Try as I have to get her to love being outside, Natalie—a cheerful redhead blessed with great balance and natural athletic ability—would really rather create anime on a computer than put a toe outside (and yes, I've done everything to lure her out, from camping with her to yanking the cord on electronics and consulting books about "nature deficit disorder," which only make me feel guiltier). Mention hiking and she visibly shrivels, as if I've just lobbed a giant spider into her lap.
Be that as it may, we're going to spend the weekend in a place where cell phone coverage is spotty, the cabins are rustic, and nothing virtual appears on the menu. Whatever happens, we'll be floating on it, touching it, tramping on it, basking in it, or (for something I've rarely experienced at a backwoods outpost) savoring how good it tastes.

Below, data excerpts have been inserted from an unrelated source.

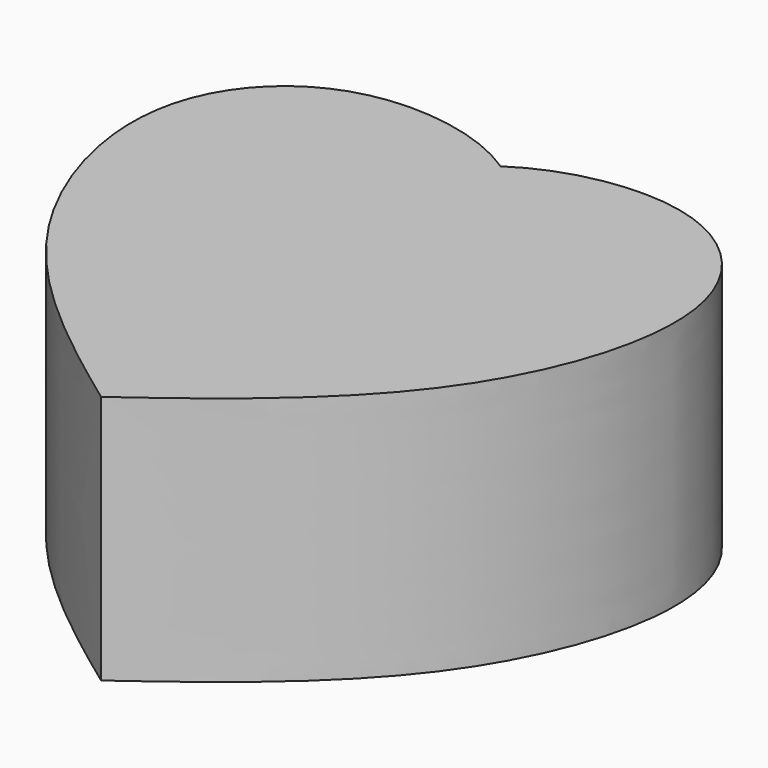
from build123d import *

# Parameters (mm, degrees)
F1_DEPTH = 12.7


# Not quite as in the source:
# - the dataset's text gives a spline's control points without its knots; the knots are read off the source's solid


with BuildPart() as f1:
    # F0 (on Top) → F1 (new body)
    with BuildSketch(Plane.XY):
        with BuildLine():
            add(Edge.make_bspline(
                [(0, 7.3985277553), (0.0561317913, 7.4355978201), (0.2884330841, 7.5858529945), (0.6234033364, 7.7839671378), (1.0097634379, 7.9872043524), (1.4099097954, 8.1805425071), (1.9266069091, 8.3981604537), (2.568217098, 8.6207931494), (3.2287477023, 8.8047516143), (4.1303838823, 8.9971318489), (5.289014144, 9.1349974082), (6.7048507265, 9.1183901501), (7.7665502497, 8.9486545011), (8.4635672947, 8.7578139959), (8.924916934, 8.608559512), (9.4854066891, 8.3824765368), (10.1275883188, 8.0490745126), (10.9366024292, 7.5233995043), (11.8465417819, 6.7180627841), (12.5860853692, 5.7314011473), (13.0561102842, 4.8482770761), (13.3438572483, 4.1436573712), (13.5269870465, 3.5249453278), (13.6379814755, 3.0138060633), (13.7247636765, 2.4981208728), (13.7905794586, 1.8444205109), (13.8124648138, 0.7838140306), (13.6961458361, -0.5644171318), (13.3556158381, -2.2032973109), (12.8335347256, -3.8468908713), (12.1444882554, -5.4759402949), (11.4408288043, -6.8032166551), (10.8051411167, -7.8352312055), (10.1220567014, -8.8426622927), (9.1946194769, -10.0397077732), (7.9822385799, -11.3908223198), (6.6887104132, -12.6672193119), (5.3304832165, -13.8808637723), (3.9231768508, -15.0430633389), (2.4817693359, -16.164685428), (1.1685813845, -17.1457503238), (0.3398869399, -17.7531588062), (0, -18.0014722447)],
                knots=[0.1229070341, 0.1229070341, 0.1229070341, 0.1229070341, 0.1280843465, 0.1440948898, 0.1521001615, 0.1601054331, 0.1761159765, 0.1921265198, 0.2081370631, 0.2241476064, 0.256168693, 0.2881897797, 0.3202108663, 0.3282161379, 0.3362214096, 0.3522319529, 0.3682424962, 0.3842530395, 0.4162741262, 0.4482952128, 0.4643057561, 0.4803162994, 0.4963268427, 0.5043321144, 0.5123373861, 0.5283479294, 0.5443584727, 0.5763795593, 0.6084006459, 0.6404217326, 0.6724428192, 0.7044639058, 0.7204744491, 0.7364849925, 0.7685060791, 0.8005271657, 0.8325482523, 0.864569339, 0.8965904256, 0.9286115122, 0.9606325989, 0.9829524144, 0.9829524144, 0.9829524144, 0.9829524144], degree=3))
            add(Edge.make_bspline(
                [(0, 7.3985277553), (-0.0561317913, 7.4355978201), (-0.2884330841, 7.5858529945), (-0.6234033364, 7.7839671378), (-1.0097634379, 7.9872043524), (-1.4099097954, 8.1805425071), (-1.9266069091, 8.3981604537), (-2.568217098, 8.6207931494), (-3.2287477023, 8.8047516143), (-4.1303838823, 8.9971318489), (-5.289014144, 9.1349974082), (-6.7048507265, 9.1183901501), (-7.7665502497, 8.9486545011), (-8.4635672947, 8.7578139959), (-8.924916934, 8.608559512), (-9.485406689, 8.3824765368), (-10.1275883188, 8.0490745126), (-10.9366024292, 7.5233995043), (-11.8465417818, 6.7180627841), (-12.5860853692, 5.7314011473), (-13.0561102842, 4.8482770761), (-13.3438572483, 4.1436573712), (-13.5269870465, 3.5249453278), (-13.6379814755, 3.0138060633), (-13.7247636764, 2.4981208728), (-13.7905794586, 1.8444205109), (-13.8124648138, 0.7838140306), (-13.6961458361, -0.5644171318), (-13.3556158381, -2.2032973109), (-12.8335347256, -3.8468908713), (-12.1444882554, -5.4759402949), (-11.4408288043, -6.8032166551), (-10.8051411167, -7.8352312055), (-10.1220567014, -8.8426622927), (-9.1946194769, -10.0397077732), (-7.9822385799, -11.3908223198), (-6.6887104132, -12.6672193119), (-5.3304832165, -13.8808637723), (-3.9231768508, -15.0430633389), (-2.4817693359, -16.164685428), (-1.1685813845, -17.1457503238), (-0.3398869399, -17.7531588062), (0, -18.0014722447)],
                knots=[0.1229070341, 0.1229070341, 0.1229070341, 0.1229070341, 0.1280843465, 0.1440948898, 0.1521001615, 0.1601054331, 0.1761159765, 0.1921265198, 0.2081370631, 0.2241476064, 0.256168693, 0.2881897797, 0.3202108663, 0.3282161379, 0.3362214096, 0.3522319529, 0.3682424962, 0.3842530395, 0.4162741262, 0.4482952128, 0.4643057561, 0.4803162994, 0.4963268427, 0.5043321144, 0.5123373861, 0.5283479294, 0.5443584727, 0.5763795593, 0.6084006459, 0.6404217326, 0.6724428192, 0.7044639058, 0.7204744491, 0.7364849925, 0.7685060791, 0.8005271657, 0.8325482523, 0.864569339, 0.8965904256, 0.9286115122, 0.9606325989, 0.9829524144, 0.9829524144, 0.9829524144, 0.9829524144], degree=3))
        make_face()
    extrude(amount=F1_DEPTH)


solid = f1.part

"Having fun yet?" I ask Nat and my partner Don, as we drive through Seeley Lake to the lodge.
"Yep," says Don, who's easily pleased.
"What?" says Natalie, who's listening to her iPod and can't hear me.
A short time later, we turn down Holland Lake Road and behold, there's the lodge, a historic log structure built in 1947, with the requisite deer and elk mounts on either side of a stone fireplace, an impressive stuffed black bear in one corner, and a well-worn wood bar.
We check in at the log-cabin gift shop and make the short walk to Loon Loft, one of the lodge's six waterfront cabins. It's a small, comfortable, rough-hewn affair with a fire pit and picnic table and, just beyond, the lap, lap, lapping waters of Holland Lake, nestled in alpine greenery.
The day is perfect. The noon sun bobs off the lake like one of the old bouncing balls that cue the sing-alongs at the movies. Only instead of inviting song, it's inviting us to calm down, calm down, calm down. Who cares what's happening in the rest of the world, the bouncing light says: right now, all we have to do is nothing. Although eating would be nice.
"Should we have lunch and then take a hike?" I ask.
"Can I skip some rocks first?" Natalie says.
You bet she can.
Holland Lake Lodge and its crystal waters, two gems at the gateway of the Bob Marshall Wilderness, take their names from Ben Holland, one of the valley's first white settlers in the 1890s. The original lodge, since burned, was built circa 1924 for guests and travelers. There weren't many of them.
"It was a two-day stagecoach ride from Missoula when the first lodge was here," says owner Christian Wohlfeil, who's been running the place since he was 24. Wohlfeil purchased the lodge in March 2002 in partnership with his father, John Wohlfeil, who died just a month later, leaving Christian to manage the resort on his own.
But his success is evident. Today the lodge draws guests from around the globe, including visitors from Turkey, Spain and the Netherlands in August alone.
"The mountains, the trees, the water—the landscape here is so dramatic and the feelings it brings out are so peaceful," says Gabriele Leidecker, from Albany, Oregon, who's seated at the bar for lunch with Seeley Lake resident Michaela Probst. "You don't have to be in tune with nature to feel the peacefulness—the environment brings you there magically."